RECORDS PROVIDED:
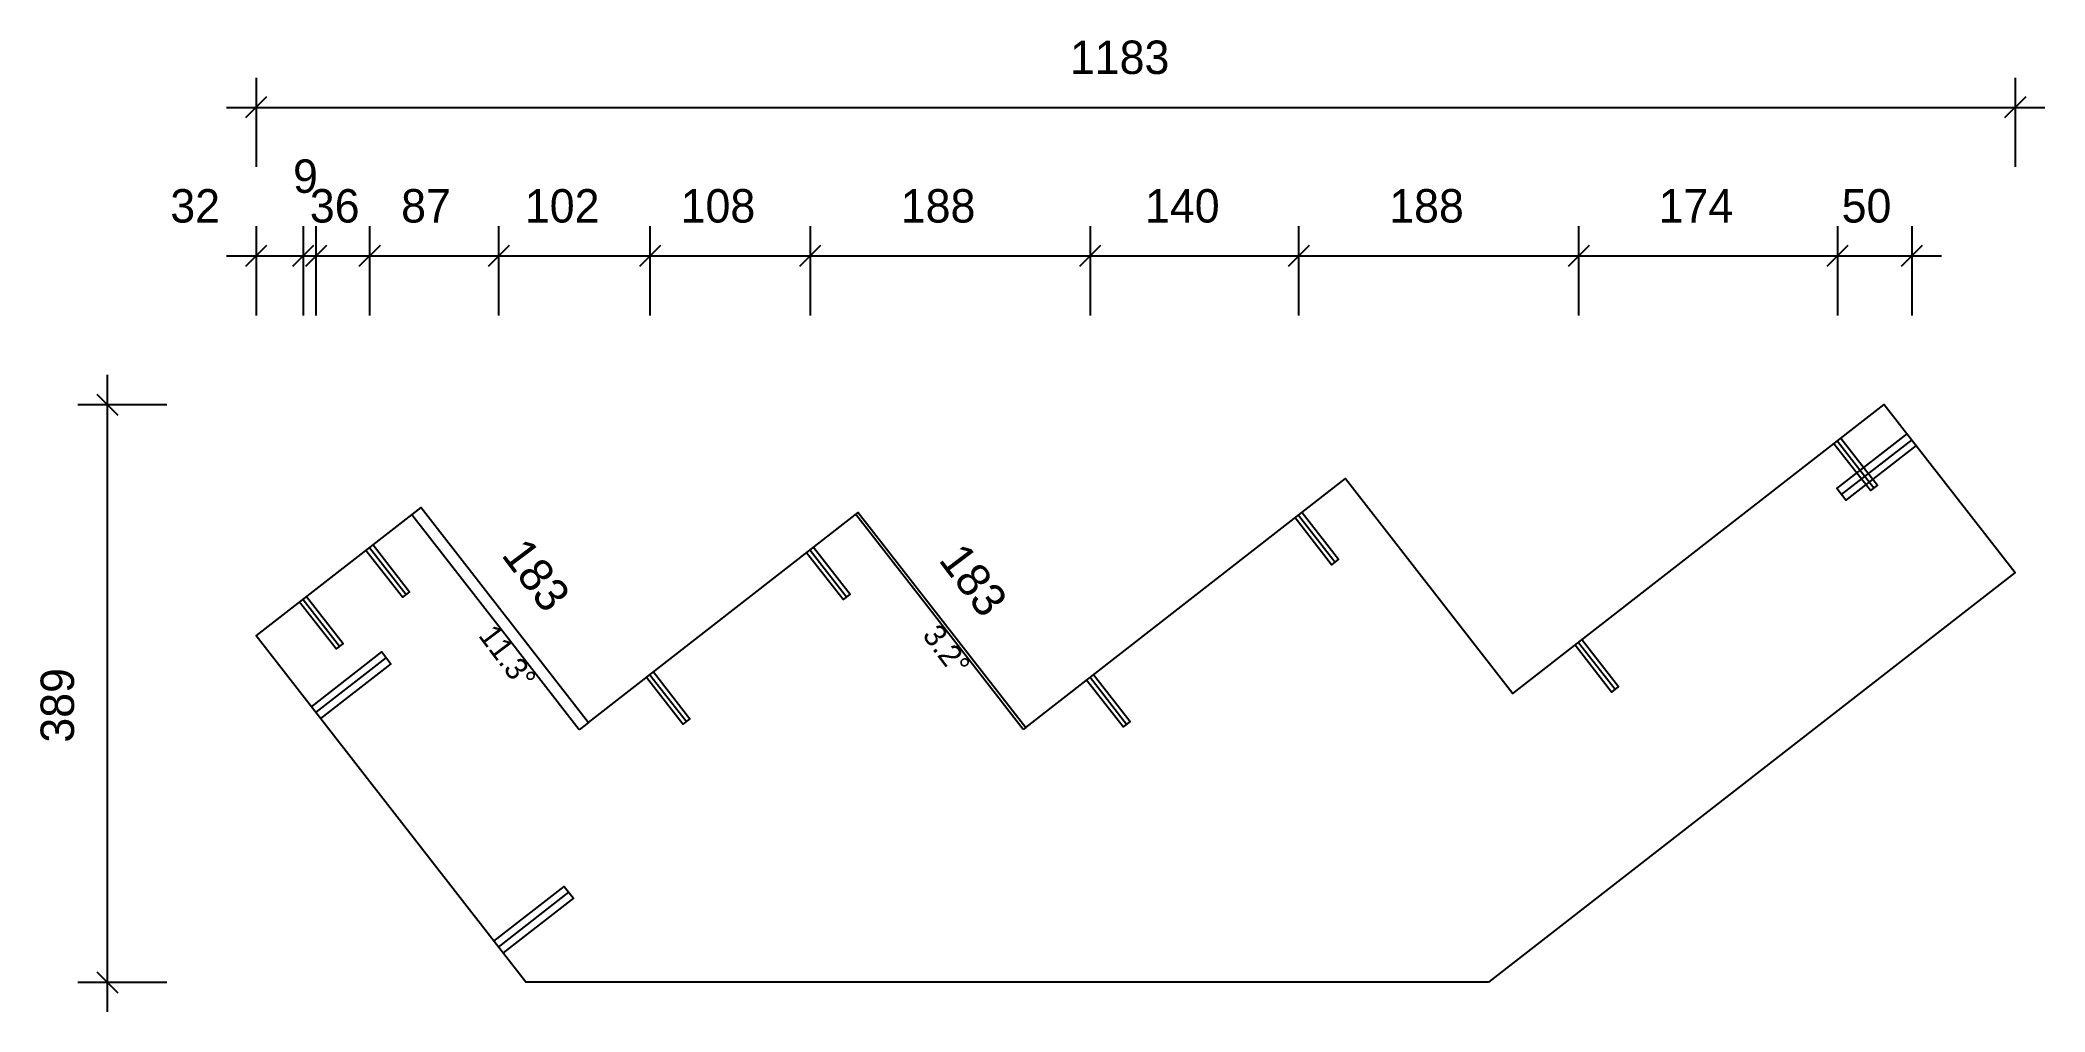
# Model space of a CAD drawing. Header units: millimetres. Extents: x -145 to 1203, y -20 to 634.
import ezdxf
from ezdxf.enums import TextEntityAlignment as Align

# ---------------------------------------------------------------- set-up
doc = ezdxf.new("R2010")
doc.units = ezdxf.units.MM
for name, color, linetype in [('CONTOUR', 7, 'CONTINUOUS'), ('CUT_MITRE', 7, 'CONTINUOUS'), ('DIMLINES', 7, 'CONTINUOUS'), ('DIMLINESTEXT', 7, 'CONTINUOUS'), ('DRILLINGSSIDE', 7, 'CONTINUOUS')]:
    doc.layers.add(name, color=color, linetype=linetype)

msp = doc.modelspace()

# ---------------------------------------------------------------- linework, layer by layer
at = {"layer": 'CONTOUR', "color": 0, "linetype": '0'}
msp.add_lwpolyline([(829.188, 0), (181.502, 0), (0, 233.145), (110.986, 319.547), (223.606, 174.882), (405.139, 316.204), (517.759, 171.54), (732.868, 339.001), (845.489, 194.336), (1095.376, 388.872), (1183.425, 275.77), (829.188, 0)], dxfattribs=at)
at = {"layer": 'CUT_MITRE', "color": 1, "linetype": '1'}
for points in [[(217.305, 169.977), (160.995, 242.31), (104.685, 314.642), (110.986, 319.547), (223.606, 174.882), (217.305, 169.977)], [(515.981, 170.156), (459.671, 242.488), (403.361, 314.82), (405.139, 316.204), (517.759, 171.54), (515.981, 170.156)]]:
    msp.add_lwpolyline(points, dxfattribs=at)
at = {"layer": 'DIMLINES', "color": 0}
for p, q in [((0, 608.872), (0, 548.872)), ((1183.425, 608.872), (1183.425, 548.872)), ((7.071, 595.943), (-7.071, 581.801)), ((1190.496, 595.943), (1176.354, 581.801)), ((-20, 588.872), (1203.425, 588.872)), ((0, 508.872), (0, 448.872)), ((31.563, 508.872), (31.563, 448.872)), ((40.215, 508.872), (40.215, 448.872)), ((76.272, 508.872), (76.272, 448.872)), ((163.073, 508.872), (163.073, 448.872)), ((264.893, 508.872), (264.893, 448.872)), ((372.687, 508.872), (372.687, 448.872)), ((561.079, 508.872), (561.079, 448.872)), ((701.305, 508.872), (701.305, 448.872)), ((889.677, 508.872), (889.677, 448.872)), ((1063.813, 508.872), (1063.813, 448.872)), ((1113.805, 508.872), (1113.805, 448.872)), ((-20, 488.872), (1133.805, 488.872)), ((7.071, 495.943), (-7.071, 481.801)), ((38.634, 495.943), (24.492, 481.801)), ((47.286, 495.943), (33.144, 481.801)), ((83.343, 495.943), (69.201, 481.801)), ((170.144, 495.943), (156.002, 481.801)), ((271.964, 495.943), (257.822, 481.801)), ((379.758, 495.943), (365.616, 481.801)), ((568.15, 495.943), (554.008, 481.801)), ((708.376, 495.943), (694.234, 481.801)), ((896.748, 495.943), (882.606, 481.801)), ((1070.884, 495.943), (1056.742, 481.801)), ((1120.876, 495.943), (1106.734, 481.801)), ((-100, -20), (-100, 408.872)), ((-107.071, 395.943), (-92.929, 381.801)), ((-120, 388.872), (-60, 388.872)), ((-120, 0), (-60, 0)), ((-107.071, 7.071), (-92.929, -7.071))]:
    msp.add_line(p, q, dxfattribs=at)
at = {"layer": 'DRILLINGSSIDE', "color": 3}
for p, q in [((1063.813, 364.3), (1088.385, 332.737)), ((1113.805, 365.199), (1066.46, 328.342)), ((701.305, 314.429), (725.877, 282.866)), ((76.272, 292.523), (100.844, 260.959)), ((372.687, 290.941), (397.259, 259.377)), ((31.563, 257.717), (56.135, 226.154)), ((40.215, 181.488), (87.559, 218.346)), ((889.677, 228.736), (914.249, 197.173)), ((264.893, 207.024), (289.465, 175.461)), ((561.079, 205.264), (585.65, 173.701)), ((163.073, 23.672), (210.418, 60.53))]:
    msp.add_line(p, q, dxfattribs=at)
at = {"layer": 'DRILLINGSSIDE', "color": 3, "linetype": '3'}
for points in [[(1066.18, 366.143), (1090.752, 334.58), (1086.018, 330.894), (1061.446, 362.457)], [(1116.877, 361.254), (1069.532, 324.396), (1063.389, 332.287), (1110.734, 369.145)], [(703.673, 316.272), (728.244, 284.709), (723.51, 281.023), (698.938, 312.586)], [(78.64, 294.366), (103.211, 262.802), (98.477, 259.117), (73.905, 290.68)], [(375.054, 292.783), (399.626, 261.22), (394.891, 257.535), (370.32, 289.098)], [(33.93, 259.56), (58.502, 227.997), (53.768, 224.311), (29.196, 255.874)], [(892.044, 230.579), (916.616, 199.016), (911.881, 195.33), (887.31, 226.894)], [(37.143, 185.434), (84.488, 222.291), (90.631, 214.4), (43.286, 177.543)], [(267.26, 208.867), (291.832, 177.304), (287.098, 173.618), (262.526, 205.181)], [(563.446, 207.107), (588.018, 175.543), (583.283, 171.858), (558.711, 203.421)], [(160.001, 27.618), (207.346, 64.475), (213.489, 56.584), (166.144, 19.727)]]:
    msp.add_lwpolyline(points, dxfattribs=at)

# ---------------------------------------------------------------- texts
at = {"layer": 'DIMLINESTEXT'}
for s, p in [('1183', (547.465, 633.872)), ('9', (24.827, 553.872)), ('32', (-57.748, 533.872)), ('36', (36.12, 533.872)), ('87', (97.549, 533.872)), ('102', (180.797, 533.872)), ('108', (285.604, 533.872)), ('188', (433.697, 533.872)), ('140', (598.006, 533.872)), ('188', (762.305, 533.872)), ('174', (943.559, 533.872)), ('50', (1066.685, 533.872))]:
    msp.add_text(s, height=22.5, dxfattribs=at).set_placement(p, align=Align.TOP_LEFT)
for s, height, rotation, p in [('183', 22.5, 307, (182.419, 301.044)), ('183', 22.5, 307, (476.572, 297.701)), ('11.3°', 15, 307, (160.995, 242.31)), ('3.2°', 15, 307, (459.671, 242.488)), ('389', 22.5, 90, (-145, 161.25))]:
    msp.add_text(s, height=height, rotation=rotation, dxfattribs=at).set_placement(p, align=Align.TOP_LEFT)

doc.saveas('drawing.dxf')

PROBLEM TO SOLVE:
The answer is the run of lines that starts at the one containing "for s, height, rotation, p" and ends at the last line of the material, reproduced exactly.

ANSWER TO THIS EXERCISE:
for s, height, rotation, p in [('183', 22.5, 307, (182.419, 301.044)), ('183', 22.5, 307, (476.572, 297.701)), ('11.3°', 15, 307, (160.995, 242.31)), ('3.2°', 15, 307, (459.671, 242.488)), ('389', 22.5, 90, (-145, 161.25))]:
    msp.add_text(s, height=height, rotation=rotation, dxfattribs=at).set_placement(p, align=Align.TOP_LEFT)

doc.saveas('drawing.dxf')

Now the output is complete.